R-GOOSE Applications in a Smart Grid

Dr. Alexander ApostolovFeatures, Winter 2019 Features

The high level of penetration of distributed energy resources (DERs) is one of the main characteristics of the smart grid, and it requires a different approach to the protection of the grid. IEC 61850 is widely accepted around the world due to the significant benefits it provides compared with conventional hardwired solutions. However, many specialists in the industry still hesitate to start using Generic Object Oriented Substation Event (GOOSE) messages for all protection and protection-related functions. This is due mainly to lack of understanding of the differences between hardwired and GOOSE-based solutions. Taking advantage of the benefits is possible only when the fundamentals and applications are well understood.

This article first introduces the concepts of the IEC 61850 GOOSE (generic object oriented substation event).

  • Publisher and subscriber functionality
  • Multicasting
  • Event reporting versus commands
  • Repetition mechanism
  • Data sets
  • Simulation bit

Routable GOOSE (R-GOOSE) is presented later, followed by discussion of several use cases describing application of R-GOOSE technology for reducing fault clearing time.

GOOSE Communications

Peer-to-peer is the characteristic communications type for IEC 61850-based systems. It is one of the distinguishing features of the standard that makes it attractive to protection and control specialists. It describes the ability of arbitrary pairs of intelligent electronic devices (IEDs) connected to the substation network to manage the exchange of information as necessary with all devices having equal rights, in contrast to master/slave communication. High-speed, peer-to-peer communications in IEC 61850-based protection and control systems use a specific method designed to meet a variety of requirements. It is very important that the concept of the generic substation event (GSE) model is not based on commands, but on the sending indication by a function that a specific substation event has occurred. It is designed to support reliable high-speed communications between different devices or applications and allows the replacement of hardwired signals between devices with communication message exchange while improving the functionality of the protection, automation, and control system. It uses a connectionless publisher–subscriber communications mechanism shown in Figure 1.

Figure 1: Publisher/Subscriber Mechanism

The model includes several features that can be used to improve the reliability and availability of the system. At the same time, the proper use of these features in a vendor’s implementation will reduce maintenance and increase the flexibility of the system. GOOSE was initially developed for substation communications, but due to the benefits it provides, there is a need to define how it can be used for substation-to-substation or wide-area communications.

To understand the differences between substation GOOSE and wide-area GOOSE, we need to look into some of the details of the generic substation event (GSE) model. The GSE method is considered a mechanism for reporting by a logical device. The achievement of speed, performance, availability, and reliability depends on the implementation in any specific device.

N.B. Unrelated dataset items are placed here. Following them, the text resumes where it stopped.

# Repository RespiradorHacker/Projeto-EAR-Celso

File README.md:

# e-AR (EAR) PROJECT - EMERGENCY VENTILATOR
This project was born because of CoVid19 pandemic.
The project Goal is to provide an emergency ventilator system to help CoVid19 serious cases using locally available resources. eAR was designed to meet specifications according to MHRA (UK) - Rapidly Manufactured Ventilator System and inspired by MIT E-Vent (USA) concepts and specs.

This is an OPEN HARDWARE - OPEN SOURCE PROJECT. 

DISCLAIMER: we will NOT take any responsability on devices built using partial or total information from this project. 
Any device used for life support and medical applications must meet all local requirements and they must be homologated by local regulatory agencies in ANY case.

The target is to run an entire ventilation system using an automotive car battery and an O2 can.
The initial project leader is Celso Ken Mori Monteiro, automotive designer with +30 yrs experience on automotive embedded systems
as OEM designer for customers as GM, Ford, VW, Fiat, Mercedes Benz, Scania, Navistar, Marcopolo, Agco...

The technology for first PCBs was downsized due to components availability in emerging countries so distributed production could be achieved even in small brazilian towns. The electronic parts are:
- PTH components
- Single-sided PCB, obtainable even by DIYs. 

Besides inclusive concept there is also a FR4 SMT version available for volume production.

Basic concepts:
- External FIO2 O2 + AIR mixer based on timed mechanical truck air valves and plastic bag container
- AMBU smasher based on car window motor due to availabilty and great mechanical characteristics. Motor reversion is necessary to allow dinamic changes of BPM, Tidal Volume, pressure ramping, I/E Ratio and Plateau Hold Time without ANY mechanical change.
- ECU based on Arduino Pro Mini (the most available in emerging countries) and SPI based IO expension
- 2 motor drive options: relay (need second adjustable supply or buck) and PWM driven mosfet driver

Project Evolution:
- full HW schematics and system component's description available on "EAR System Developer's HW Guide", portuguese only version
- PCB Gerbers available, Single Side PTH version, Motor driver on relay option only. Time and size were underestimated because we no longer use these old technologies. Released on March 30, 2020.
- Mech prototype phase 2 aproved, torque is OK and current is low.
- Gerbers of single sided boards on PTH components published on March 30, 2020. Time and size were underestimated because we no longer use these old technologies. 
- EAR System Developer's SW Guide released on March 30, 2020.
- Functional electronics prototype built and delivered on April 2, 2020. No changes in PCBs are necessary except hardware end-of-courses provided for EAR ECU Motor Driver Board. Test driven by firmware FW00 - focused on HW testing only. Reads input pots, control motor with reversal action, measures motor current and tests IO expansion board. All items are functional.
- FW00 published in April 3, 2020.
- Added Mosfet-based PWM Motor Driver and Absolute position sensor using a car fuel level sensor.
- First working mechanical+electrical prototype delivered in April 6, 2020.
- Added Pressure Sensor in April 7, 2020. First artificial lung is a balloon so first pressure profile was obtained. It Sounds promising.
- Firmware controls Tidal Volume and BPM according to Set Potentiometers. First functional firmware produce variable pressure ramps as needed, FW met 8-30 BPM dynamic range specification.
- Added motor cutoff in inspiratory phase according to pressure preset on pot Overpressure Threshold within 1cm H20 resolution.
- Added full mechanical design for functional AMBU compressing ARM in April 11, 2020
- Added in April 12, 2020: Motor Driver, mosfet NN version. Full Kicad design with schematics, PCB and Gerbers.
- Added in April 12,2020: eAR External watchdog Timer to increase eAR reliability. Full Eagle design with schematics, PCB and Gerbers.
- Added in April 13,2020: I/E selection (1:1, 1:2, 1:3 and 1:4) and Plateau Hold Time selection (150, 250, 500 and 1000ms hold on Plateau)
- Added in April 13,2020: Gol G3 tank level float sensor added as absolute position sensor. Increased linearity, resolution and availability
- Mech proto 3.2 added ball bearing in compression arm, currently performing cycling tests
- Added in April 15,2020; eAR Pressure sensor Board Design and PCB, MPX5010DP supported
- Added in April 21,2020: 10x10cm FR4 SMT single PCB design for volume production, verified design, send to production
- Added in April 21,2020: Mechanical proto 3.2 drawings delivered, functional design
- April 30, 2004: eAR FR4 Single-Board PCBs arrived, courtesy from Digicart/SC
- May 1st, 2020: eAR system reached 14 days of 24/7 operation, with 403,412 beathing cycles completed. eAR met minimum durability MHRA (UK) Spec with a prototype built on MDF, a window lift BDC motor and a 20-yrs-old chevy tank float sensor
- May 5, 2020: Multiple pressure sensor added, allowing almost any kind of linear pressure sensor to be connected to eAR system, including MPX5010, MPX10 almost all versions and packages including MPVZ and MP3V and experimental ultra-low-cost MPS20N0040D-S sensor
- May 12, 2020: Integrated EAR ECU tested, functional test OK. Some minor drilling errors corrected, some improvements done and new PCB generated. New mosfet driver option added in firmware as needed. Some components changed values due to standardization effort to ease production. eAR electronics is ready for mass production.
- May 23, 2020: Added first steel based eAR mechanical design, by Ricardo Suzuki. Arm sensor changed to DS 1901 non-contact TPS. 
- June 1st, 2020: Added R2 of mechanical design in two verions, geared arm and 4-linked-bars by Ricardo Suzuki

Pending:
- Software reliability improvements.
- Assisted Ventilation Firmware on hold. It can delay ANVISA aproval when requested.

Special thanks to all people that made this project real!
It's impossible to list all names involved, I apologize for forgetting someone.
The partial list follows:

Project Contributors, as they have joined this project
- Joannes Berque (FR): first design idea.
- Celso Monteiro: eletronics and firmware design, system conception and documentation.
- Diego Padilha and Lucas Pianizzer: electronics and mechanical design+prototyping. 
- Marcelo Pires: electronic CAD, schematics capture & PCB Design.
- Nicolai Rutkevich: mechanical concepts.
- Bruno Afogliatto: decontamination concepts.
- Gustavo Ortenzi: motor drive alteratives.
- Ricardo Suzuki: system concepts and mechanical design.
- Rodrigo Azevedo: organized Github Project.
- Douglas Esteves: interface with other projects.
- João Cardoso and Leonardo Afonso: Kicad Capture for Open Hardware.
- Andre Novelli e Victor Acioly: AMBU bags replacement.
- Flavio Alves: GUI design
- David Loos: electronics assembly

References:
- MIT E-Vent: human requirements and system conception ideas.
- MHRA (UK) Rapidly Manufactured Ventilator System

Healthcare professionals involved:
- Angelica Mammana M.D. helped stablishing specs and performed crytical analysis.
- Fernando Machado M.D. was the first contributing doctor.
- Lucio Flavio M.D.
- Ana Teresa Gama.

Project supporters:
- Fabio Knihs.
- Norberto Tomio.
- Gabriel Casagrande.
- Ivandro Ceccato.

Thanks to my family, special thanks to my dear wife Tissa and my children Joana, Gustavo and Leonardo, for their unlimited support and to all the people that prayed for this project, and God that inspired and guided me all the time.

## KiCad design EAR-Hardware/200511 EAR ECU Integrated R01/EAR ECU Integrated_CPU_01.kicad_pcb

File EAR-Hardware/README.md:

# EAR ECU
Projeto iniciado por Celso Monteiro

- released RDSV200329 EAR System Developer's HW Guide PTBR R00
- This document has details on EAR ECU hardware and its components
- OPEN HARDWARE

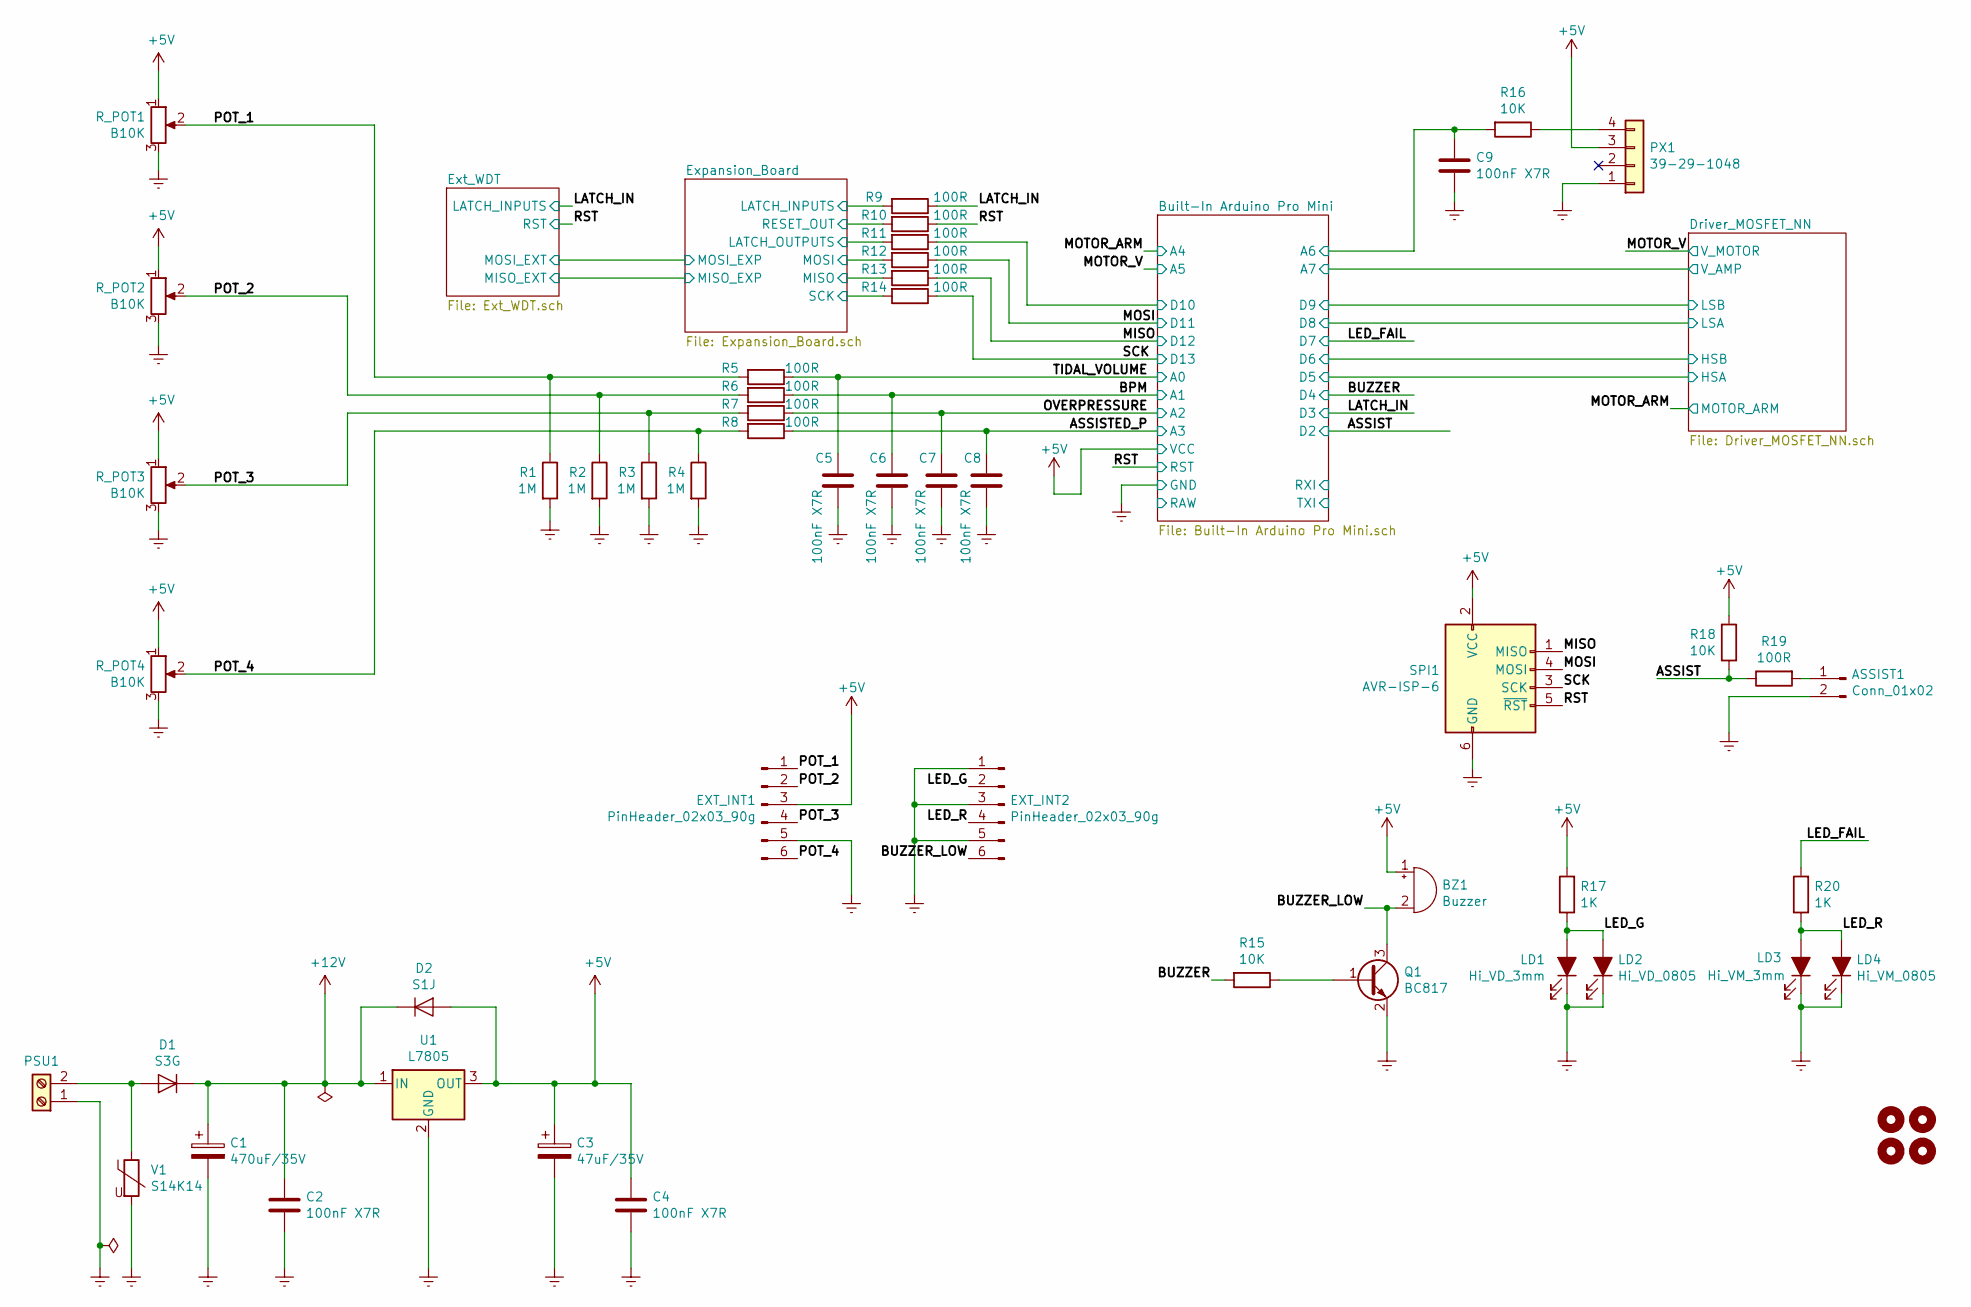
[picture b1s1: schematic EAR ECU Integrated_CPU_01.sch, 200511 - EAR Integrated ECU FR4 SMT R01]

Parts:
ASSIST1: Conn_01x02; SolderWirePad_1x02_P3.81mm_Drill1mm
BZ1: Buzzer; Buzzer_TDK_PS1240P02BT_D12.2mm_H6.5mm
C1: 470uF/35V; CP_Radial_D10.0mm_P5.00mm
C2, C4, C5, C6, C7, C8, C9: 100nF X7R; C_0805_2012Metric
C3: 47uF/35V; CP_Radial_D5.0mm_P2.50mm
D1: S3G; D_SMC
D2: S1J; D_SMA
EXT_INT1, EXT_INT2: PinHeader_02x03_90g; PinHeader_2x03_P2.54mm_Horizontal
H1, H2, H3, H4: MountingHole; MountingHole_3.5mm_Pad_Via
LD1: Hi_VD_3mm; LED_D3.0mm_Clear
LD2: Hi_VD_0805; LED_0805_2012Metric
LD3: Hi_VM_3mm; LED_D3.0mm_Clear
LD4: Hi_VM_0805; LED_0805_2012Metric
PSU1: TerminalBlock_Phoenix:TerminalBlock_Phoenix_MKDS-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; TerminalBlock_Phoenix_MKDS-1,5-2-5.08_1x02_P5.08mm_Horizont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
PX1: 39-29-1048; MOLEX-39-29-1048
Q1: BC817; SOT-23
R1, R2, R3, R4: 1M; R_0805_2012Metric
R5, R6, R7, R8, R9, R10, R11, R12, R13, R14, R19: 100R; R_0805_2012Metric
R15, R16, R18: 10K; R_0805_2012Metric
R17, R20: 1K; R_0805_2012Metric
R_POT1, R_POT2, R_POT3, R_POT4: B10K; PDB18_Series_Bourns
SPI1: AVR-ISP-6; PinHeader_2x03_P2.54mm_Vertical
U1: L7805; TO-263-3_Hybrid_TO-220_Tab_Dw
V1: S14K14; RV_Disc_D12mm_W3.9mm_P7.5mm

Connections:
+5V: BZ1.1 (-), C3.1, C4.1, D2.2 (A), EXT_INT1.3, PX1.3, R17.2, R18.2, R_POT1.1, R_POT2.1, R_POT3.1, R_POT4.1, SPI1.2 (VCC), U1.3 (OUT); also elsewhere on the board
+12V: C1.1, C2.1, D1.1 (K), D2.1 (K), U1.1 (IN); also elsewhere on the board
/ASSIST: R18.1, R19.1; also elsewhere on the board
/ASSISTED_P: C8.1, R8.1; also elsewhere on the board
/BPM: C6.1, R6.1; also elsewhere on the board
/BUZZER: R15.2; also elsewhere on the board
/BUZZER_LOW: BZ1.2 (+), EXT_INT2.6, Q1.3 (C)
/Built-In Arduino Pro Mini/A6: C9.1, R16.2; also elsewhere on the board
/Built-In Arduino Pro Mini/D10: R11.1; also elsewhere on the board
/Expansion_Board/LATCH_INPUTS: R9.2; also elsewhere on the board
/Expansion_Board/LATCH_OUTPUTS: R11.2; also elsewhere on the board
/Expansion_Board/MISO: R13.2; also elsewhere on the board
/Expansion_Board/MOSI: R12.2; also elsewhere on the board
/Expansion_Board/RESET_OUT: R10.2; also elsewhere on the board
/Expansion_Board/SCK: R14.2; also elsewhere on the board
/LATCH_IN: R9.1; also elsewhere on the board
/LED_FAIL: R20.2; also elsewhere on the board
/LED_G: EXT_INT2.2, LD1.2 (A), LD2.2 (A), R17.1
/LED_R: EXT_INT2.4, LD3.2 (A), LD4.2 (A), R20.1
/MISO: R13.1, SPI1.1 (MISO); also elsewhere on the board
/MOSI: R12.1, SPI1.4 (MOSI); also elsewhere on the board
/OVERPRESSURE: C7.1, R7.1; also elsewhere on the board
/POT_1: EXT_INT1.1, R1.1, R5.2, R_POT1.2
/POT_2: EXT_INT1.2, R2.1, R6.2, R_POT2.2
/POT_3: EXT_INT1.4, R3.1, R7.2, R_POT3.2
/POT_4: EXT_INT1.6, R4.1, R8.2, R_POT4.2
/RST: R10.1, SPI1.5 (~RST); also elsewhere on the board
/SCK: R14.1, SPI1.3 (SCK); also elsewhere on the board
/TIDAL_VOLUME: C5.1, R5.1; also elsewhere on the board
unnamed: ASSIST1.1, R19.2
unnamed: D1.2 (A), PSU1.2, V1.1
unnamed: PX1.4, R16.1
unnamed: Q1.1 (B), R15.1

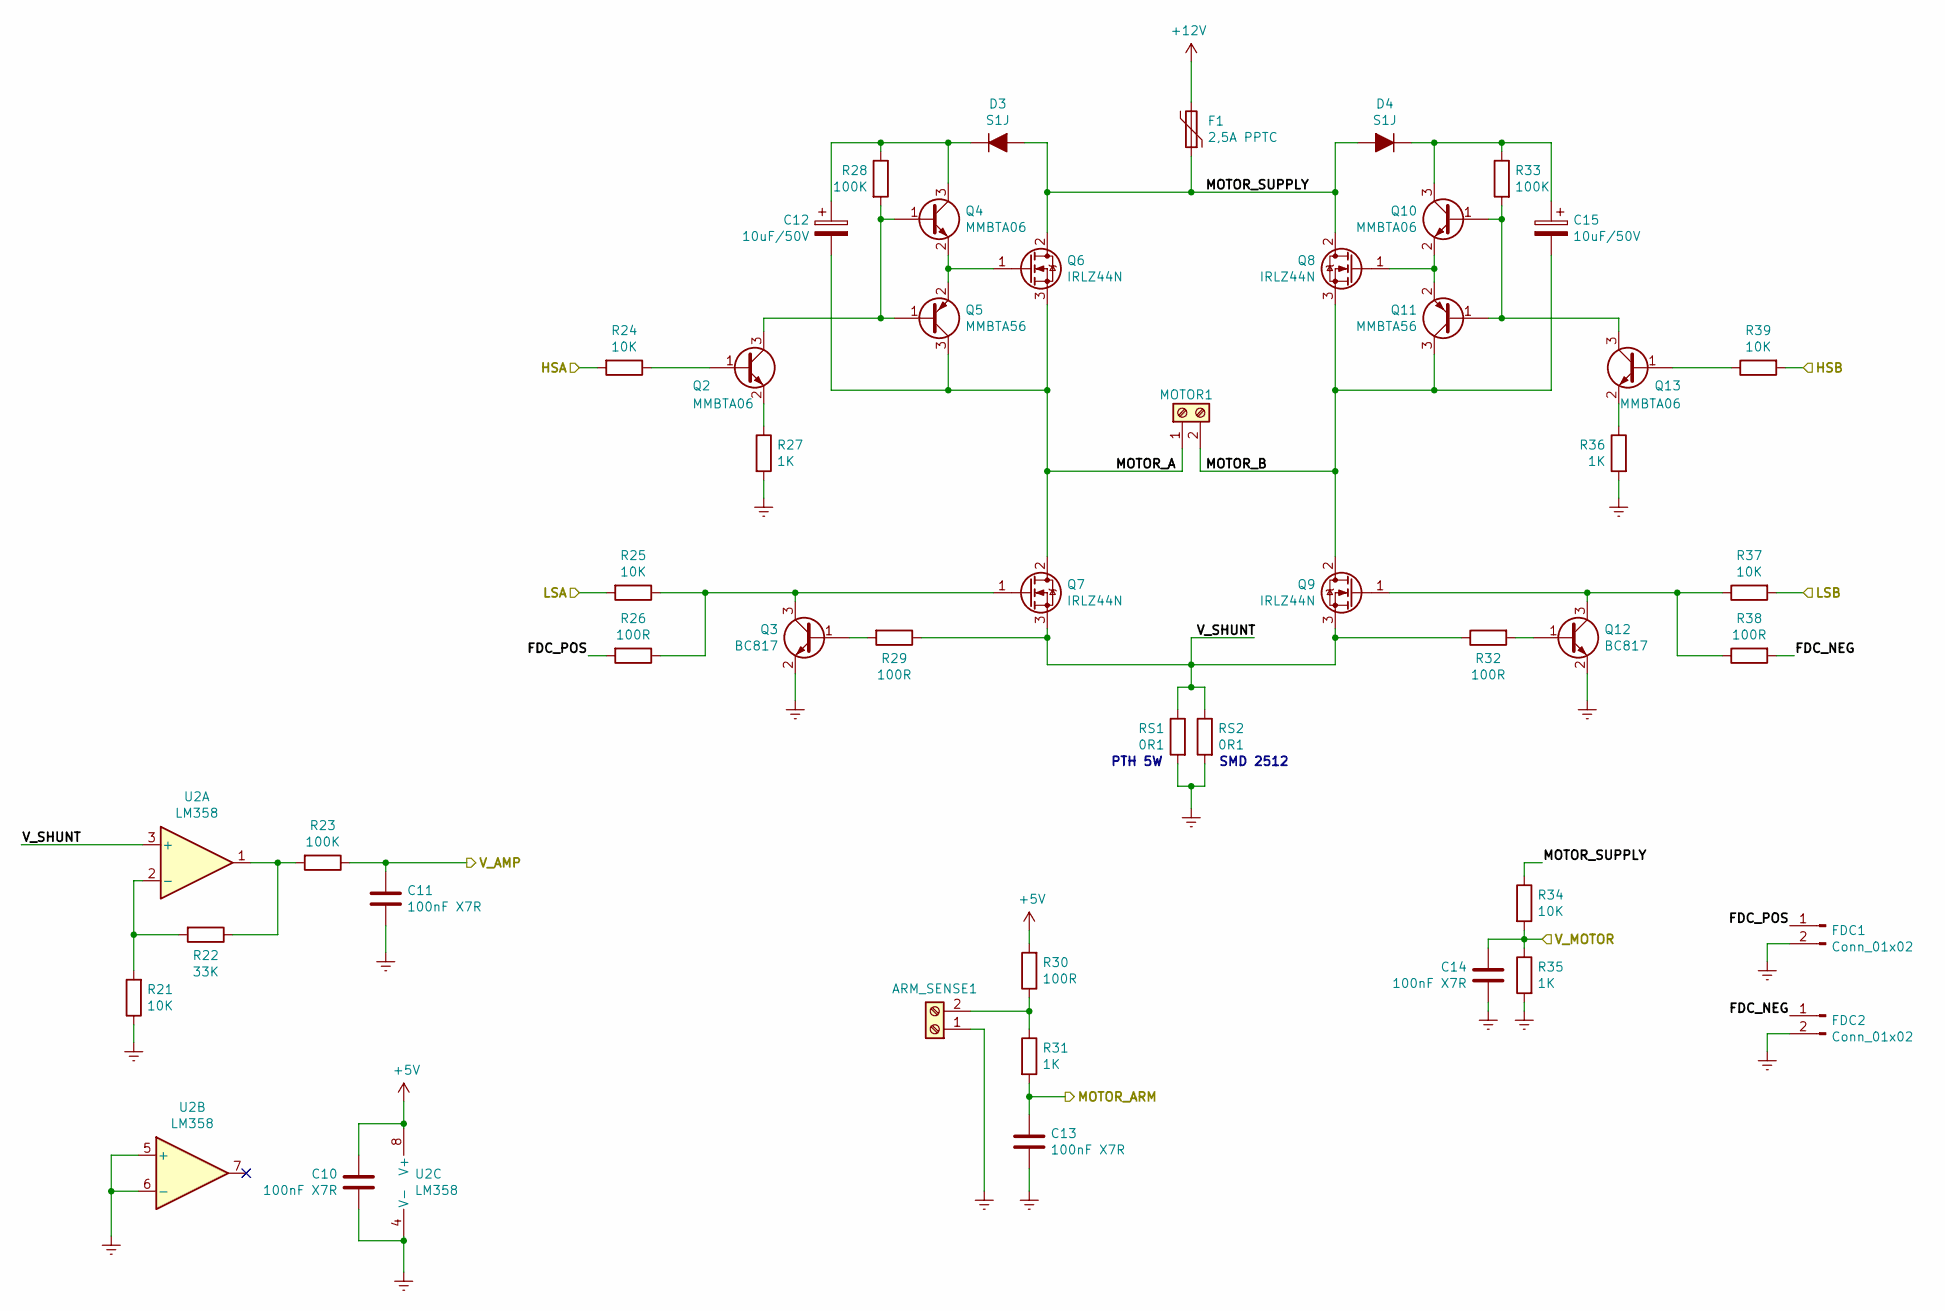
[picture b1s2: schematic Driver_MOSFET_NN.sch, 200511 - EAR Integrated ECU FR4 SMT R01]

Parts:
ARM_SENSE1: Screw_Terminal_01x02; TerminalBlock_Phoenix_MKDS-1,5-2-5.08_1x02_P5.08mm_Horizont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
C10, C11, C13, C14: 100nF X7R; C_0805_2012Metric
C12, C15: 10uF/50V; CP_Radial_D5.0mm_P2.50mm
D3, D4: S1J; D_SMA
F1: 2,5A PPTC; RV_Disc_D7mm_W3.4mm_P5mm
FDC1, FDC2: Conn_01x02; PinSocket_1x02_P2.54mm_Vertical
MOTOR1: Conn_01x02; TerminalBlock_Phoenix_MKDS-1,5-2-5.08_1x02_P5.08mm_Horizont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
Q2, Q4, Q10, Q13: MMBTA06; SOT-23
Q3, Q12: BC817; SOT-23
Q5, Q11: MMBTA56; SOT-23
Q6, Q7, Q8, Q9: IRLZ44N; TO-263-3_Hybrid_TO-220_Tab_Dw
R21, R24, R25, R34, R37, R39: 10K; R_0805_2012Metric
R22: 33K; R_0805_2012Metric
R23, R28, R33: 100K; R_0805_2012Metric
R26, R29, R30, R32, R38: 100R; R_0805_2012Metric
R27, R31, R35, R36: 1K; R_0805_2012Metric
RS1: 0R1; R_Axial_Power_L20.0mm_W6.4mm_P7.62mm_Vertical
RS2: 0R1; R_2512_6332Metric_Pad1.52x3.35mm_HandSolder
U2: LM358; SOIC-8_3.9x4.9mm_P1.27mm

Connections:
+5V: C10.1, R30.2, U2.8 (V+); also elsewhere on the board
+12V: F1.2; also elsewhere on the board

The GSE model is used to exchange the values of a collection of data attributes defined as a data set (Figure 2). GOOSE supports the exchange of a wide range of data types organized in a data set.

Figure 2: Publisher Functionality

The publisher writes the values in a transmission buffer at the sending side and multicasts them over the substation local area network to the various subscribers — clients or servers.

The data in the published GOOSE messages is a collection of values of data attributes defined as members of a data set. The receiver reads the values from a local buffer at the receiving side. A GSE control class in the publisher is used to control the process. If the value of at least one of the data attributes has changed, the publisher’s transmission buffer is updated with the local service publish, and the values are transmitted with a GOOSE message.

The publisher/subscriber mechanism allows the source IED to reach multiple receiving IEDs, thus significantly improving the efficiency of the communications interface. In substation communication networks, this is based on the use of a media access control (MAC) multicast destination address in the Ethernet frame shown in Table 1.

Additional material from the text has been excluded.